● Records from a collection:
+++++

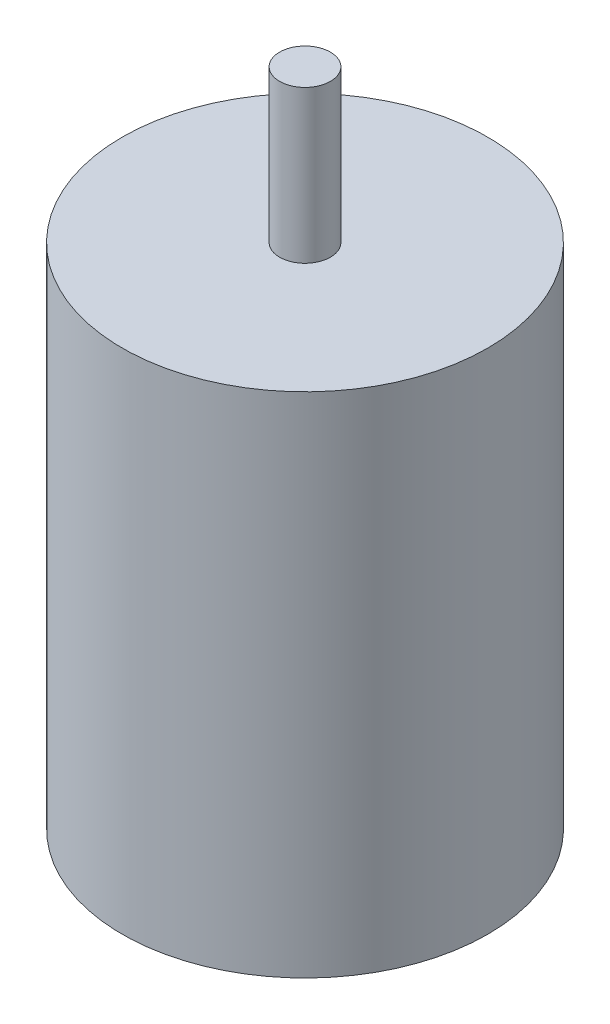
ISO-10303-21;
HEADER;
FILE_DESCRIPTION(('STEP AP214'),'2;1');
FILE_NAME('part.step','',(''),(''),'','','');
FILE_SCHEMA(('AUTOMOTIVE_DESIGN { 1 0 10303 214 1 1 1 1 }'));
ENDSEC;
DATA;
#1=APPLICATION_CONTEXT('core data for automotive mechanical design processes');
#2=APPLICATION_PROTOCOL_DEFINITION('international standard','automotive_design',2000,#1);
#3=PRODUCT_CONTEXT('',#1,'mechanical');
#4=PRODUCT('Part','Part','',(#3));
#5=PRODUCT_RELATED_PRODUCT_CATEGORY('part','',(#4));
#6=PRODUCT_DEFINITION_FORMATION('','',#4);
#7=PRODUCT_DEFINITION_CONTEXT('part definition',#1,'design');
#8=PRODUCT_DEFINITION('design','',#6,#7);
#9=PRODUCT_DEFINITION_SHAPE('','',#8);
#10=(LENGTH_UNIT() NAMED_UNIT(*) SI_UNIT(.MILLI.,.METRE.));
#11=(NAMED_UNIT(*) PLANE_ANGLE_UNIT() SI_UNIT($,.RADIAN.));
#12=(NAMED_UNIT(*) SI_UNIT($,.STERADIAN.) SOLID_ANGLE_UNIT());
#13=UNCERTAINTY_MEASURE_WITH_UNIT(LENGTH_MEASURE(1.E-05),#10,'distance_accuracy_value','');
#14=(GEOMETRIC_REPRESENTATION_CONTEXT(3) GLOBAL_UNCERTAINTY_ASSIGNED_CONTEXT((#13)) GLOBAL_UNIT_ASSIGNED_CONTEXT((#10,
#11,#12)) REPRESENTATION_CONTEXT('',''));
#15=CARTESIAN_POINT('',(0.,0.,0.));
#16=DIRECTION('',(0.,0.,1.));
#17=DIRECTION('',(1.,0.,0.));
#18=AXIS2_PLACEMENT_3D('',#15,#16,#17);
#19=CARTESIAN_POINT('',(0.,25.,0.));
#20=DIRECTION('',(0.,1.,0.));
#21=DIRECTION('',(1.,0.,0.));
#22=AXIS2_PLACEMENT_3D('',#19,#20,#21);
#23=PLANE('',#22);
#24=CARTESIAN_POINT('',(0.,25.,0.));
#25=DIRECTION('',(0.,-1.,0.));
#26=DIRECTION('',(-1.,0.,0.));
#27=AXIS2_PLACEMENT_3D('',#24,#25,#26);
#28=CIRCLE('',#27,2.5);
#29=CARTESIAN_POINT('',(2.5,25.,0.));
#30=VERTEX_POINT('',#29);
#31=EDGE_CURVE('E47',#30,#30,#28,.T.);
#32=ORIENTED_EDGE('',*,*,#31,.T.);
#33=EDGE_LOOP('',(#32));
#34=FACE_BOUND('',#33,.T.);
#35=CARTESIAN_POINT('',(0.,25.,0.));
#36=DIRECTION('',(0.,1.,0.));
#37=DIRECTION('',(1.,0.,0.));
#38=AXIS2_PLACEMENT_3D('',#35,#36,#37);
#39=CIRCLE('',#38,18.);
#40=CARTESIAN_POINT('',(-18.,25.,0.));
#41=VERTEX_POINT('',#40);
#42=EDGE_CURVE('E26',#41,#41,#39,.T.);
#43=ORIENTED_EDGE('',*,*,#42,.T.);
#44=EDGE_LOOP('',(#43));
#45=FACE_BOUND('',#44,.T.);
#46=ADVANCED_FACE('F15',(#34,#45),#23,.T.);
#47=CARTESIAN_POINT('',(0.,0.,0.));
#48=DIRECTION('',(0.,1.,0.));
#49=DIRECTION('',(1.,0.,0.));
#50=AXIS2_PLACEMENT_3D('',#47,#48,#49);
#51=CYLINDRICAL_SURFACE('',#50,18.);
#52=ORIENTED_EDGE('',*,*,#42,.F.);
#53=DIRECTION('',(0.,-1.,0.));
#54=VECTOR('',#53,1.);
#55=CARTESIAN_POINT('',(-18.,0.,0.));
#56=LINE('',#55,#54);
#57=CARTESIAN_POINT('',(-18.,-25.,0.));
#58=VERTEX_POINT('',#57);
#59=EDGE_CURVE('E10',#41,#58,#56,.T.);
#60=ORIENTED_EDGE('',*,*,#59,.T.);
#61=CARTESIAN_POINT('',(0.,-25.,0.));
#62=DIRECTION('',(0.,-1.,0.));
#63=DIRECTION('',(1.,0.,0.));
#64=AXIS2_PLACEMENT_3D('',#61,#62,#63);
#65=CIRCLE('',#64,18.);
#66=EDGE_CURVE('E65',#58,#58,#65,.T.);
#67=ORIENTED_EDGE('',*,*,#66,.F.);
#68=ORIENTED_EDGE('',*,*,#59,.F.);
#69=EDGE_LOOP('',(#52,#60,#67,#68));
#70=FACE_BOUND('',#69,.T.);
#71=ADVANCED_FACE('F17',(#70),#51,.T.);
#72=CARTESIAN_POINT('',(0.,-25.,0.));
#73=DIRECTION('',(0.,1.,0.));
#74=DIRECTION('',(1.,0.,0.));
#75=AXIS2_PLACEMENT_3D('',#72,#73,#74);
#76=PLANE('',#75);
#77=ORIENTED_EDGE('',*,*,#66,.T.);
#78=EDGE_LOOP('',(#77));
#79=FACE_BOUND('',#78,.T.);
#80=ADVANCED_FACE('F87',(#79),#76,.F.);
#81=CARTESIAN_POINT('',(0.,40.,0.));
#82=DIRECTION('',(0.,1.,0.));
#83=DIRECTION('',(1.,0.,0.));
#84=AXIS2_PLACEMENT_3D('',#81,#82,#83);
#85=PLANE('',#84);
#86=CARTESIAN_POINT('',(0.,40.,0.));
#87=DIRECTION('',(0.,1.,0.));
#88=DIRECTION('',(-1.,0.,0.));
#89=AXIS2_PLACEMENT_3D('',#86,#87,#88);
#90=CIRCLE('',#89,2.5);
#91=CARTESIAN_POINT('',(2.5,40.,0.));
#92=VERTEX_POINT('',#91);
#93=EDGE_CURVE('E57',#92,#92,#90,.T.);
#94=ORIENTED_EDGE('',*,*,#93,.T.);
#95=EDGE_LOOP('',(#94));
#96=FACE_BOUND('',#95,.T.);
#97=ADVANCED_FACE('F60',(#96),#85,.T.);
#98=CARTESIAN_POINT('',(0.,25.,0.));
#99=DIRECTION('',(0.,1.,0.));
#100=DIRECTION('',(-1.,0.,0.));
#101=AXIS2_PLACEMENT_3D('',#98,#99,#100);
#102=CYLINDRICAL_SURFACE('',#101,2.5);
#103=ORIENTED_EDGE('',*,*,#93,.F.);
#104=DIRECTION('',(0.,-1.,0.));
#105=VECTOR('',#104,1.);
#106=CARTESIAN_POINT('',(2.5,25.,0.));
#107=LINE('',#106,#105);
#108=EDGE_CURVE('E19',#92,#30,#107,.T.);
#109=ORIENTED_EDGE('',*,*,#108,.T.);
#110=ORIENTED_EDGE('',*,*,#31,.F.);
#111=ORIENTED_EDGE('',*,*,#108,.F.);
#112=EDGE_LOOP('',(#103,#109,#110,#111));
#113=FACE_BOUND('',#112,.T.);
#114=ADVANCED_FACE('F56',(#113),#102,.T.);
#115=CLOSED_SHELL('',(#46,#71,#80,#97,#114));
#116=MANIFOLD_SOLID_BREP('B1',#115);
#117=ADVANCED_BREP_SHAPE_REPRESENTATION('',(#18,#116),#14);
#118=SHAPE_DEFINITION_REPRESENTATION(#9,#117);
ENDSEC;
END-ISO-10303-21;

+++++

● The problem:
Without the pictures, copy all of the entries exactly as they appear.

● Expected answer:
ISO-10303-21;
HEADER;
FILE_DESCRIPTION(('STEP AP214'),'2;1');
FILE_NAME('part.step','',(''),(''),'','','');
FILE_SCHEMA(('AUTOMOTIVE_DESIGN { 1 0 10303 214 1 1 1 1 }'));
ENDSEC;
DATA;
#1=APPLICATION_CONTEXT('core data for automotive mechanical design processes');
#2=APPLICATION_PROTOCOL_DEFINITION('international standard','automotive_design',2000,#1);
#3=PRODUCT_CONTEXT('',#1,'mechanical');
#4=PRODUCT('Part','Part','',(#3));
#5=PRODUCT_RELATED_PRODUCT_CATEGORY('part','',(#4));
#6=PRODUCT_DEFINITION_FORMATION('','',#4);
#7=PRODUCT_DEFINITION_CONTEXT('part definition',#1,'design');
#8=PRODUCT_DEFINITION('design','',#6,#7);
#9=PRODUCT_DEFINITION_SHAPE('','',#8);
#10=(LENGTH_UNIT() NAMED_UNIT(*) SI_UNIT(.MILLI.,.METRE.));
#11=(NAMED_UNIT(*) PLANE_ANGLE_UNIT() SI_UNIT($,.RADIAN.));
#12=(NAMED_UNIT(*) SI_UNIT($,.STERADIAN.) SOLID_ANGLE_UNIT());
#13=UNCERTAINTY_MEASURE_WITH_UNIT(LENGTH_MEASURE(1.E-05),#10,'distance_accuracy_value','');
#14=(GEOMETRIC_REPRESENTATION_CONTEXT(3) GLOBAL_UNCERTAINTY_ASSIGNED_CONTEXT((#13)) GLOBAL_UNIT_ASSIGNED_CONTEXT((#10,
#11,#12)) REPRESENTATION_CONTEXT('',''));
#15=CARTESIAN_POINT('',(0.,0.,0.));
#16=DIRECTION('',(0.,0.,1.));
#17=DIRECTION('',(1.,0.,0.));
#18=AXIS2_PLACEMENT_3D('',#15,#16,#17);
#19=CARTESIAN_POINT('',(0.,25.,0.));
#20=DIRECTION('',(0.,1.,0.));
#21=DIRECTION('',(1.,0.,0.));
#22=AXIS2_PLACEMENT_3D('',#19,#20,#21);
#23=PLANE('',#22);
#24=CARTESIAN_POINT('',(0.,25.,0.));
#25=DIRECTION('',(0.,-1.,0.));
#26=DIRECTION('',(-1.,0.,0.));
#27=AXIS2_PLACEMENT_3D('',#24,#25,#26);
#28=CIRCLE('',#27,2.5);
#29=CARTESIAN_POINT('',(2.5,25.,0.));
#30=VERTEX_POINT('',#29);
#31=EDGE_CURVE('E47',#30,#30,#28,.T.);
#32=ORIENTED_EDGE('',*,*,#31,.T.);
#33=EDGE_LOOP('',(#32));
#34=FACE_BOUND('',#33,.T.);
#35=CARTESIAN_POINT('',(0.,25.,0.));
#36=DIRECTION('',(0.,1.,0.));
#37=DIRECTION('',(1.,0.,0.));
#38=AXIS2_PLACEMENT_3D('',#35,#36,#37);
#39=CIRCLE('',#38,18.);
#40=CARTESIAN_POINT('',(-18.,25.,0.));
#41=VERTEX_POINT('',#40);
#42=EDGE_CURVE('E26',#41,#41,#39,.T.);
#43=ORIENTED_EDGE('',*,*,#42,.T.);
#44=EDGE_LOOP('',(#43));
#45=FACE_BOUND('',#44,.T.);
#46=ADVANCED_FACE('F15',(#34,#45),#23,.T.);
#47=CARTESIAN_POINT('',(0.,0.,0.));
#48=DIRECTION('',(0.,1.,0.));
#49=DIRECTION('',(1.,0.,0.));
#50=AXIS2_PLACEMENT_3D('',#47,#48,#49);
#51=CYLINDRICAL_SURFACE('',#50,18.);
#52=ORIENTED_EDGE('',*,*,#42,.F.);
#53=DIRECTION('',(0.,-1.,0.));
#54=VECTOR('',#53,1.);
#55=CARTESIAN_POINT('',(-18.,0.,0.));
#56=LINE('',#55,#54);
#57=CARTESIAN_POINT('',(-18.,-25.,0.));
#58=VERTEX_POINT('',#57);
#59=EDGE_CURVE('E10',#41,#58,#56,.T.);
#60=ORIENTED_EDGE('',*,*,#59,.T.);
#61=CARTESIAN_POINT('',(0.,-25.,0.));
#62=DIRECTION('',(0.,-1.,0.));
#63=DIRECTION('',(1.,0.,0.));
#64=AXIS2_PLACEMENT_3D('',#61,#62,#63);
#65=CIRCLE('',#64,18.);
#66=EDGE_CURVE('E65',#58,#58,#65,.T.);
#67=ORIENTED_EDGE('',*,*,#66,.F.);
#68=ORIENTED_EDGE('',*,*,#59,.F.);
#69=EDGE_LOOP('',(#52,#60,#67,#68));
#70=FACE_BOUND('',#69,.T.);
#71=ADVANCED_FACE('F17',(#70),#51,.T.);
#72=CARTESIAN_POINT('',(0.,-25.,0.));
#73=DIRECTION('',(0.,1.,0.));
#74=DIRECTION('',(1.,0.,0.));
#75=AXIS2_PLACEMENT_3D('',#72,#73,#74);
#76=PLANE('',#75);
#77=ORIENTED_EDGE('',*,*,#66,.T.);
#78=EDGE_LOOP('',(#77));
#79=FACE_BOUND('',#78,.T.);
#80=ADVANCED_FACE('F87',(#79),#76,.F.);
#81=CARTESIAN_POINT('',(0.,40.,0.));
#82=DIRECTION('',(0.,1.,0.));
#83=DIRECTION('',(1.,0.,0.));
#84=AXIS2_PLACEMENT_3D('',#81,#82,#83);
#85=PLANE('',#84);
#86=CARTESIAN_POINT('',(0.,40.,0.));
#87=DIRECTION('',(0.,1.,0.));
#88=DIRECTION('',(-1.,0.,0.));
#89=AXIS2_PLACEMENT_3D('',#86,#87,#88);
#90=CIRCLE('',#89,2.5);
#91=CARTESIAN_POINT('',(2.5,40.,0.));
#92=VERTEX_POINT('',#91);
#93=EDGE_CURVE('E57',#92,#92,#90,.T.);
#94=ORIENTED_EDGE('',*,*,#93,.T.);
#95=EDGE_LOOP('',(#94));
#96=FACE_BOUND('',#95,.T.);
#97=ADVANCED_FACE('F60',(#96),#85,.T.);
#98=CARTESIAN_POINT('',(0.,25.,0.));
#99=DIRECTION('',(0.,1.,0.));
#100=DIRECTION('',(-1.,0.,0.));
#101=AXIS2_PLACEMENT_3D('',#98,#99,#100);
#102=CYLINDRICAL_SURFACE('',#101,2.5);
#103=ORIENTED_EDGE('',*,*,#93,.F.);
#104=DIRECTION('',(0.,-1.,0.));
#105=VECTOR('',#104,1.);
#106=CARTESIAN_POINT('',(2.5,25.,0.));
#107=LINE('',#106,#105);
#108=EDGE_CURVE('E19',#92,#30,#107,.T.);
#109=ORIENTED_EDGE('',*,*,#108,.T.);
#110=ORIENTED_EDGE('',*,*,#31,.F.);
#111=ORIENTED_EDGE('',*,*,#108,.F.);
#112=EDGE_LOOP('',(#103,#109,#110,#111));
#113=FACE_BOUND('',#112,.T.);
#114=ADVANCED_FACE('F56',(#113),#102,.T.);
#115=CLOSED_SHELL('',(#46,#71,#80,#97,#114));
#116=MANIFOLD_SOLID_BREP('B1',#115);
#117=ADVANCED_BREP_SHAPE_REPRESENTATION('',(#18,#116),#14);
#118=SHAPE_DEFINITION_REPRESENTATION(#9,#117);
ENDSEC;
END-ISO-10303-21;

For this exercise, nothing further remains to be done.